Think like a newsroom, not like a marketer
If you want broadcast, national, or tier-one trade coverage, you need to frame your story like a journalist not a brand. This also means acknowledging that the journalist isn’t on your time, you’re on theirs – you need to match the speed of the news agenda.
PRs need to be a true bridge between the journalist and the client, be truly objective, avoid getting drunk on the Kool-Aid, and provide top tier journalists with tailored access and insight. Bland quotes filled with corporate jargon that have been signed off by five people just aren’t going to cut it.
Make sure all key company information is easily accessible in your pitch
It always blows my mind when I see a pitch that doesn’t prominently include the key company information. You can’t expect a journalist to work to find the basics.
The background paragraph on the company is what determines how credible a business is. This should always include the following:
An explanation of what the company is/does in a single sentence
When and where was the business founded
How much funding it has raised/what’s the market cap
How many customers does the company have
Who are the big-ticket customer names
How many staff does the company have
How many countries is its technology available in
How many offices does the company have and in which countries
These are the basics. It should take seconds – not minutes – for a journalist to know who the company is, what it does, who it works with, and the key financials that you’re comfortable sharing publicly.
Pitch less, not more
This might sound counterintuitive, but volume isn’t the answer to generating more high-quality media results. Say goodbye to spray and pray. It’s about relevance, careful targeting, and timeliness. Bombarding hundreds of journalists is not the answer. Focus on sending well-crafted pitches to fewer journalists at the right time.
A single, timely, and thoughtful pitch will always outperform a scattergun press release. So slow down, put the kettle on, do your homework, and only pitch when you have something truly worth saying.
Follow the 80/20 rule – the right media list matters more than the pitch
Even the best pitch in the world will fall flat if it’s sent to the wrong person. 80% of your success will likely come down to who you’re pitching. You might be able to get away with not writing the perfect pitch if it’s sent to the right person, but a perfect pitch is useless if it’s sent to the wrong journalist.
This means investing your time in building an accurate, up-to-date, and tailored media list for every new piece of media pitching activity. No, you do not need to include every journalist under the sun. In fact, the opposite is true - less is more. Look at what each journalist covers and ask yourself, “does this person really need to be on here?”.

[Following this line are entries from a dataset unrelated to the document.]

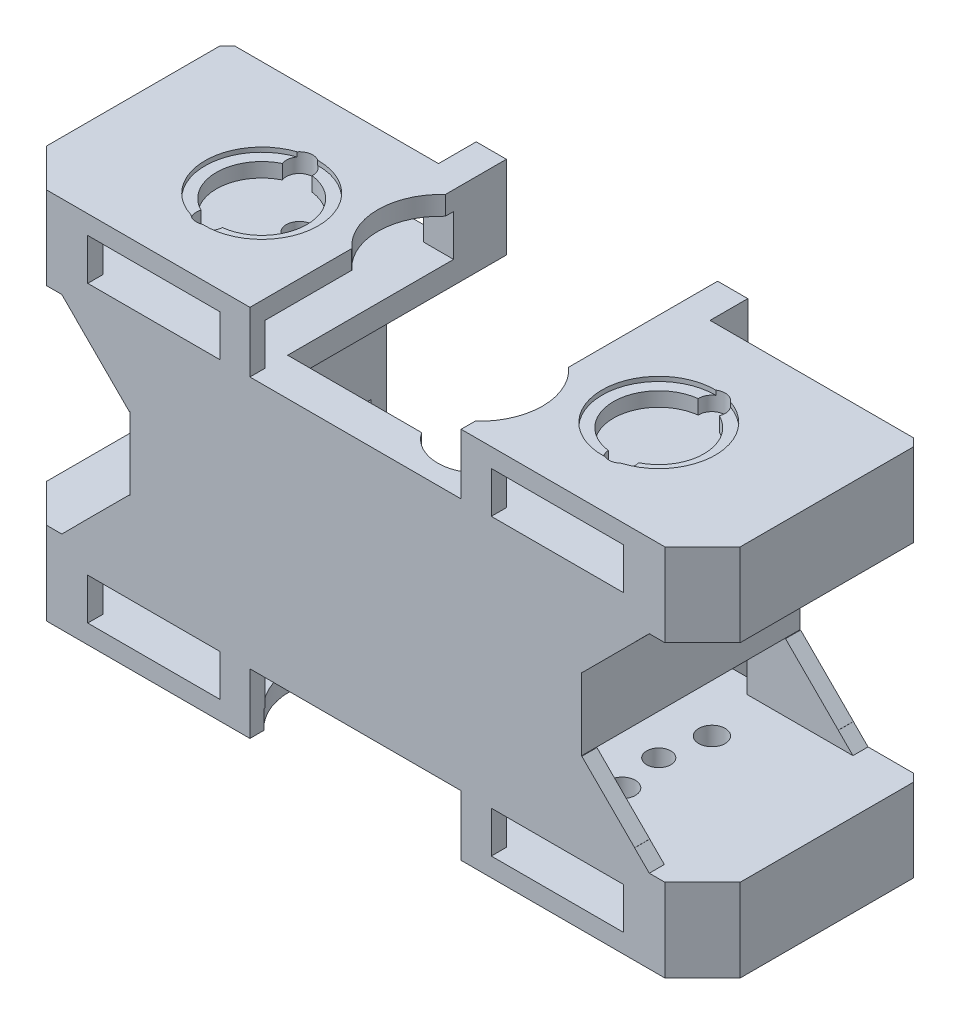
SolidWorks part; units mm, degrees
ref_plane "正面" through (0, 0, 0) normal (0, 0, 1) x (1, 0, 0)
ref_plane "平面" through (0, 0, 0) normal (0, 1, 0) x (1, 0, 0)
ref_plane "右側面" through (0, 0, 0) normal (1, 0, 0) x (0, 0, -1)
sketch "Sketch1" plane through (0, 0, 0) normal (0, 0, 1) x (1, 0, 0)
  line L0 (2.2, -4.75) -> (-2.2, -4.75) construction
  line L2 (-37, 13.75) -> (37, 13.75)
  line L3 (37, -13.75) -> (-37, -13.75)
  line L4 (30.8552, 0) -> (-45.9764, 0) construction
  line L5 (37, -4.795) -> (24.925, -4.795)
  line L6 (24.925, -4.795) -> (24.925, 4.795)
  line L7 (37, 4.795) -> (24.925, 4.795)
  line L8 (0, -7.712) -> (0, 34.8193) construction
  line L11 (-2.2, -4.75) -> (-2.2, 4.75) construction
  line L13 (2.2, -4.75) -> (2.2, 4.75) construction
  line L16 (2.2, 1.8709) -> (2.2, 4.75) construction
  line L17 (2.2, 1.8709) -> (2.2, 4.75) construction
  line L18 (-37, -13.75) -> (-37, -4.795)
  line L22 (-37, 4.795) -> (-24.925, 4.795)
  line L23 (-24.925, -4.795) -> (-24.925, 4.795)
  line L24 (-37, -4.795) -> (-24.925, -4.795)
  line L25 (-37, 4.795) -> (-37, 13.75)
  line L28 (37, 4.795) -> (37, 13.75)
  line L29 (37, -13.75) -> (37, -4.795)
  line L30 (2.2, 4.75) -> (-2.2, 4.75) construction
  point P2 (-2.2, 1.8709)
  point P8 (24.925, 0)
  point P33 (-24.925, 0)
  dimension "D1" = 27.5
  dimension "D2" = 37
  dimension "D3" = 2.2
  dimension "D4" = 4.4
  dimension "D5" = 9.5
extrude "Boss-Extrude1" add sketch "Sketch1" along normal blind 2
sketch "Sketch2" plane through (0, 0, 0) normal (0, 0, -1) x (-1, 0, 0)
  line L0 (-2.2, -4.75) -> (2.2, -4.75) construction
  line L1 (-2.2, -4.75) -> (-2.2, 4.75) construction
  line L2 (-2.2, 4.75) -> (2.2, 4.75) construction
  line L3 (2.2, -4.75) -> (2.2, 4.75) construction
  line L4 (-2.2, -4.75) -> (2.2, -4.75)
  line L5 (-2.2, -4.75) -> (-2.2, 4.75)
  line L6 (-2.2, 4.75) -> (2.2, 4.75)
  line L7 (2.2, -4.75) -> (2.2, 4.75)
  line L8 (37, -4.795) -> (24.925, -4.795) construction
  line L9 (24.925, -4.795) -> (24.925, 4.795) construction
  line L10 (37, 4.795) -> (24.925, 4.795) construction
  line L11 (-37, -4.795) -> (-24.925, -4.795) construction
  line L12 (-24.925, -4.795) -> (-24.925, 4.795) construction
  line L13 (-37, 4.795) -> (-24.925, 4.795) construction
  line L14 (29.925, -4.795) -> (24.925, -4.795)
  line L15 (24.925, -4.795) -> (24.925, 4.795)
  line L16 (29.925, 4.795) -> (24.925, 4.795)
  line L17 (-29.925, -4.795) -> (-24.925, -4.795)
  line L18 (-24.925, -4.795) -> (-24.925, 4.795)
  line L19 (-29.925, 4.795) -> (-24.925, 4.795)
  line L20 (-29.925, 4.795) -> (-29.925, -4.795)
  line L21 (0, -7.712) -> (0, 34.8193) construction
  line L22 (0, -7.712) -> (0, 34.8193) construction
  line L23 (29.925, 4.795) -> (29.925, -4.795)
  dimension "D1" = 5
extrude "Boss-Extrude2" add sketch "Sketch2" along normal blind 25 and the other way blind 2
sketch "Sketch3" plane through (0, 0, 2) normal (0, 0, 1) x (1, 0, 0)
  line L0 (0, -63.6478) -> (0, 57.6808) construction
  line L1 (54.2453, 0) -> (-65.9985, 0) construction
  line L11 (-37, 11.75) -> (-37, 24.75)
  line L12 (-37, 24.75) -> (-14, 24.75)
  line L13 (-14, 24.75) -> (-14, 11.75)
  line L14 (-14, 11.75) -> (-37, 11.75)
  line L19 (-37, 4.795) -> (-37, 13.75) construction
  line L20 (-37, 13.75) -> (37, 13.75) construction
  line L21 (14, 11.75) -> (37, 11.75)
  line L22 (14, 24.75) -> (14, 11.75)
  line L23 (37, 24.75) -> (14, 24.75)
  line L24 (37, 11.75) -> (37, 24.75)
  line L25 (37, -11.75) -> (37, -24.75)
  line L26 (37, -24.75) -> (14, -24.75)
  line L27 (14, -24.75) -> (14, -11.75)
  line L28 (14, -11.75) -> (37, -11.75)
  line L29 (-14, -11.75) -> (-37, -11.75)
  line L30 (-14, -24.75) -> (-14, -11.75)
  line L31 (-37, -24.75) -> (-14, -24.75)
  line L32 (-37, -11.75) -> (-37, -24.75)
  line L33 (-35.5, 22.25) -> (-18, 22.25)
  line L34 (-18, 22.25) -> (-18, 15.75)
  line L35 (-18, 15.75) -> (-35.5, 15.75)
  line L36 (-35.5, 15.75) -> (-35.5, 22.25)
  line L37 (35.5, 15.75) -> (35.5, 22.25)
  line L38 (18, 15.75) -> (35.5, 15.75)
  line L39 (18, 22.25) -> (18, 15.75)
  line L40 (35.5, 22.25) -> (18, 22.25)
  line L41 (35.5, -22.25) -> (18, -22.25)
  line L42 (18, -22.25) -> (18, -15.75)
  line L43 (18, -15.75) -> (35.5, -15.75)
  line L44 (35.5, -15.75) -> (35.5, -22.25)
  line L45 (-35.5, -15.75) -> (-35.5, -22.25)
  line L46 (-18, -15.75) -> (-35.5, -15.75)
  line L47 (-18, -22.25) -> (-18, -15.75)
  line L48 (-35.5, -22.25) -> (-18, -22.25)
  dimension "D1" = 2
  dimension "D2" = 13
  dimension "D3" = 23
  dimension "D4" = 2.5
  dimension "D5" = 4
  dimension "D6" = 4
  dimension "D7" = 1.5
extrude "Boss-Extrude3" add sketch "Sketch3" against normal blind 2
chamfer "Chamfer4" [suppressed] distance 2 angle 45
sketch "Sketch4" plane through (0, 0, 2) normal (0, 0, 1) x (1, 0, 0)
  line L0 (30.8552, 0) -> (-45.9764, 0) construction
  line L1 (0, -7.712) -> (0, 34.8193) construction
  line L2 (30.8552, 0) -> (-45.9764, 0) construction
  line L3 (0, -7.712) -> (0, 34.8193) construction
  line L4 (37, 24.75) -> (14, 24.75)
  line L5 (14, 24.75) -> (14, 22.25)
  line L6 (14, 22.25) -> (37, 22.25)
  line L7 (37, 4.795) -> (37, 24.75) construction
  line L9 (14, 13.75) -> (14, 16.75)
  line L10 (14, 24.75) -> (14, 13.75) construction
  line L12 (-46, 16.75) -> (-46, 13.75)
  line L13 (46, 16.75) -> (46, 13.75)
  line L14 (14, 16.75) -> (46, 16.75)
  line L15 (-14, 13.75) -> (-14, 16.75)
  line L17 (-14, 22.25) -> (-37, 22.25)
  line L18 (-14, 24.75) -> (-14, 22.25)
  line L19 (-37, 24.75) -> (-14, 24.75)
  line L20 (-14, 13.75) -> (-14, 24.75) construction
  line L21 (37, 22.25) -> (37, 24.75)
  line L22 (-37, 22.25) -> (-37, 24.75)
  line L23 (-37, -22.25) -> (-37, -24.75)
  line L24 (37, -22.25) -> (37, -24.75)
  line L25 (-37, -24.75) -> (-14, -24.75)
  line L26 (-14, -24.75) -> (-14, -22.25)
  line L27 (-14, -22.25) -> (-37, -22.25)
  line L29 (-14, -13.75) -> (-14, -16.75)
  line L30 (14, -16.75) -> (46, -16.75)
  line L31 (46, -16.75) -> (46, -13.75)
  line L32 (-46, -16.75) -> (-46, -13.75)
  line L33 (-14, -16.75) -> (-46, -16.75)
  line L34 (14, -13.75) -> (14, -16.75)
  line L36 (14, -22.25) -> (37, -22.25)
  line L37 (14, -24.75) -> (14, -22.25)
  line L38 (37, -24.75) -> (14, -24.75)
  line L39 (-14, 16.75) -> (-46, 16.75)
  line L40 (-46, 13.75) -> (-14, 13.75)
  line L41 (-46, -13.75) -> (-14, -13.75)
  line L42 (14, -13.75) -> (46, -13.75)
  line L43 (14, 13.75) -> (46, 13.75)
  dimension "D1" = 32
  dimension "D2" = 3
  dimension "D3" = 2.5
extrude "Boss-Extrude4" add sketch "Sketch4" against normal blind 27
sketch "Sketch5" plane through (0, 0, -25) normal (0, 0, -1) x (-1, 0, 0)
  line L85 (14, -13.75) -> (14, -24.75)
  line L86 (-14, -13.75) -> (14, -13.75)
  line L87 (-14, -24.75) -> (-14, -13.75)
  line L88 (-37, -24.75) -> (-14, -24.75)
  line L89 (-37, -16.75) -> (-37, -24.75)
  line L90 (-29.925, -4.795) -> (-37, -4.795)
  line L91 (-29.925, 4.795) -> (-29.925, -4.795)
  line L92 (-37, 4.795) -> (-29.925, 4.795)
  line L93 (-37, 13.75) -> (-37, 4.795)
  line L94 (-14, 24.75) -> (-37, 24.75)
  line L95 (-14, 13.75) -> (-14, 24.75)
  line L96 (14, 13.75) -> (-14, 13.75)
  line L97 (14, 24.75) -> (14, 13.75)
  line L98 (37, 24.75) -> (14, 24.75)
  line L99 (37, 16.75) -> (37, 24.75)
  line L100 (29.925, 4.795) -> (37, 4.795)
  line L101 (29.925, -4.795) -> (29.925, 4.795)
  line L102 (37, -4.795) -> (29.925, -4.795)
  line L103 (37, -13.75) -> (37, -4.795)
  line L104 (14, -24.75) -> (37, -24.75)
  line L105 (14, -13.75) -> (14, -24.75)
  line L106 (-14, -13.75) -> (14, -13.75)
  line L107 (-14, -24.75) -> (-14, -13.75)
  line L108 (-37, -24.75) -> (-14, -24.75)
  line L109 (-37, -16.75) -> (-37, -24.75)
  line L110 (-29.925, -4.795) -> (-37, -4.795)
  line L111 (-29.925, 4.795) -> (-29.925, -4.795)
  line L112 (-37, 4.795) -> (-29.925, 4.795)
  line L113 (-37, 13.75) -> (-37, 4.795)
  line L114 (-14, 24.75) -> (-37, 24.75)
  line L115 (-14, 13.75) -> (-14, 24.75)
  line L116 (14, 13.75) -> (-14, 13.75)
  line L117 (14, 24.75) -> (14, 13.75)
  line L118 (37, 24.75) -> (14, 24.75)
  line L119 (37, 16.75) -> (37, 24.75)
  line L120 (29.925, 4.795) -> (37, 4.795)
  line L121 (29.925, -4.795) -> (29.925, 4.795)
  line L122 (37, -4.795) -> (29.925, -4.795)
  line L123 (37, -13.75) -> (37, -4.795)
  line L124 (14, -24.75) -> (37, -24.75)
  line L141 (-46, -16.75) -> (-37, -16.75)
  line L142 (-46, -16.75) -> (-37, -16.75)
  line L143 (-46, -13.75) -> (-46, -16.75)
  line L144 (-46, -13.75) -> (-46, -16.75)
  line L145 (-37, -13.75) -> (-46, -13.75)
  line L146 (-37, -13.75) -> (-46, -13.75)
  line L147 (-37, -4.795) -> (-37, -13.75)
  line L148 (-37, -4.795) -> (-37, -13.75)
  line L149 (-46, 13.75) -> (-37, 13.75)
  line L150 (-46, 13.75) -> (-37, 13.75)
  line L151 (-46, 16.75) -> (-46, 13.75)
  line L152 (-46, 16.75) -> (-46, 13.75)
  line L153 (-37, 16.75) -> (-46, 16.75)
  line L154 (-37, 16.75) -> (-46, 16.75)
  line L155 (-37, 24.75) -> (-37, 16.75)
  line L156 (-37, 24.75) -> (-37, 16.75)
  line L157 (46, 16.75) -> (37, 16.75)
  line L158 (46, 16.75) -> (37, 16.75)
  line L159 (46, 13.75) -> (46, 16.75)
  line L160 (46, 13.75) -> (46, 16.75)
  line L161 (37, 13.75) -> (46, 13.75)
  line L162 (37, 13.75) -> (46, 13.75)
  line L163 (37, 4.795) -> (37, 13.75)
  line L164 (37, 4.795) -> (37, 13.75)
  line L165 (46, -13.75) -> (37, -13.75)
  line L166 (46, -13.75) -> (37, -13.75)
  line L167 (46, -16.75) -> (46, -13.75)
  line L168 (46, -16.75) -> (46, -13.75)
  line L169 (37, -16.75) -> (46, -16.75)
  line L170 (37, -16.75) -> (46, -16.75)
  line L171 (37, -24.75) -> (37, -16.75)
  line L172 (37, -24.75) -> (37, -16.75)
  dimension "D1" = 0
extrude "Boss-Extrude5" add sketch "Sketch5" along normal blind 2
chamfer "Chamfer5" distance 5 angle 45 4 edges at (46, -15.25, 2) (46, 15.25, 2) (-46, -15.25, 2) (-46, 15.25, 2)
chamfer "Chamfer6" distance 7 angle 45 8 edges at (-37, 4.795, 1) (-37, -4.795, 1) (-37, -4.795, -26) (-37, 4.795, -26) (37, 4.795, -26) (37, -4.795, -26) (37, -4.795, 1) (37, 4.795, 1)
sketch "Sketch6" plane through (0, 16.75, 0) normal (0, 1, 0) x (1, 0, 0)
  line L2 (-46, 27) -> (-46, 3) construction
  line L3 (-46, 27) -> (-37, 27) construction
  line L4 (-37, 0) -> (-37, -2)
  line L6 (-46, 27) -> (-46, 3)
  line L7 (-46, 27) -> (-37, 27)
  line L9 (-37, 27) -> (-37, 25)
  line L10 (-37, 25) -> (-44, 25)
  line L11 (-44, 25) -> (-44, 3.8284)
  line L13 (0, 37.9752) -> (0, -9.1121) construction
  line L22 (-46, 3) -> (-41, -2)
  line L23 (-41, -2) -> (-37, -2)
  line L25 (-44, 3.8284) -> (-40.1716, 0)
  line L26 (-40.1716, 0) -> (-37, 0)
  line L27 (-37, 0) -> (-35.5, 0) construction
  line L38 (-37, 27) -> (-37, -2) construction
  line L39 (40.1716, 0) -> (37, 0)
  line L40 (44, 3.8284) -> (40.1716, 0)
  line L41 (41, -2) -> (37, -2)
  line L42 (46, 3) -> (41, -2)
  line L43 (44, 25) -> (44, 3.8284)
  line L44 (37, 25) -> (44, 25)
  line L45 (37, 27) -> (37, 25)
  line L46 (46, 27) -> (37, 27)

Invest real time in journalist relationships
Yes, cold pitches do work. Ignore those who tell you otherwise. However, if you want to deliver consistent results again, and again, and again, this is where taking the time to understand how a journalist works, what they’re looking for, how they put together their pieces, and how they like to be pitched, really matters. You need to respect their craft and nurture the relationship.
If they prefer email only, don’t call. If they prefer short emails structured in a specific way, don’t send lengthy press releases. If they say no, respect it, don’t force the issue, and come back next time with a different angle or something stronger.
Top tier journalists will remember and find the time for people who make their jobs easier and help inform their audience. Consistently delivering for them makes an enormous difference.
Top tier media coverage is often the result of ruthlessly relevant, deeply informed, and adopting a journalist-first approach. Next time you go to pitch, ask yourself: is this genuinely useful? Is it going to help the journalist tell a highly relevant story? And would I run this if I were in their shoes? If the answer to all those questions is yes, then you’re on the right track.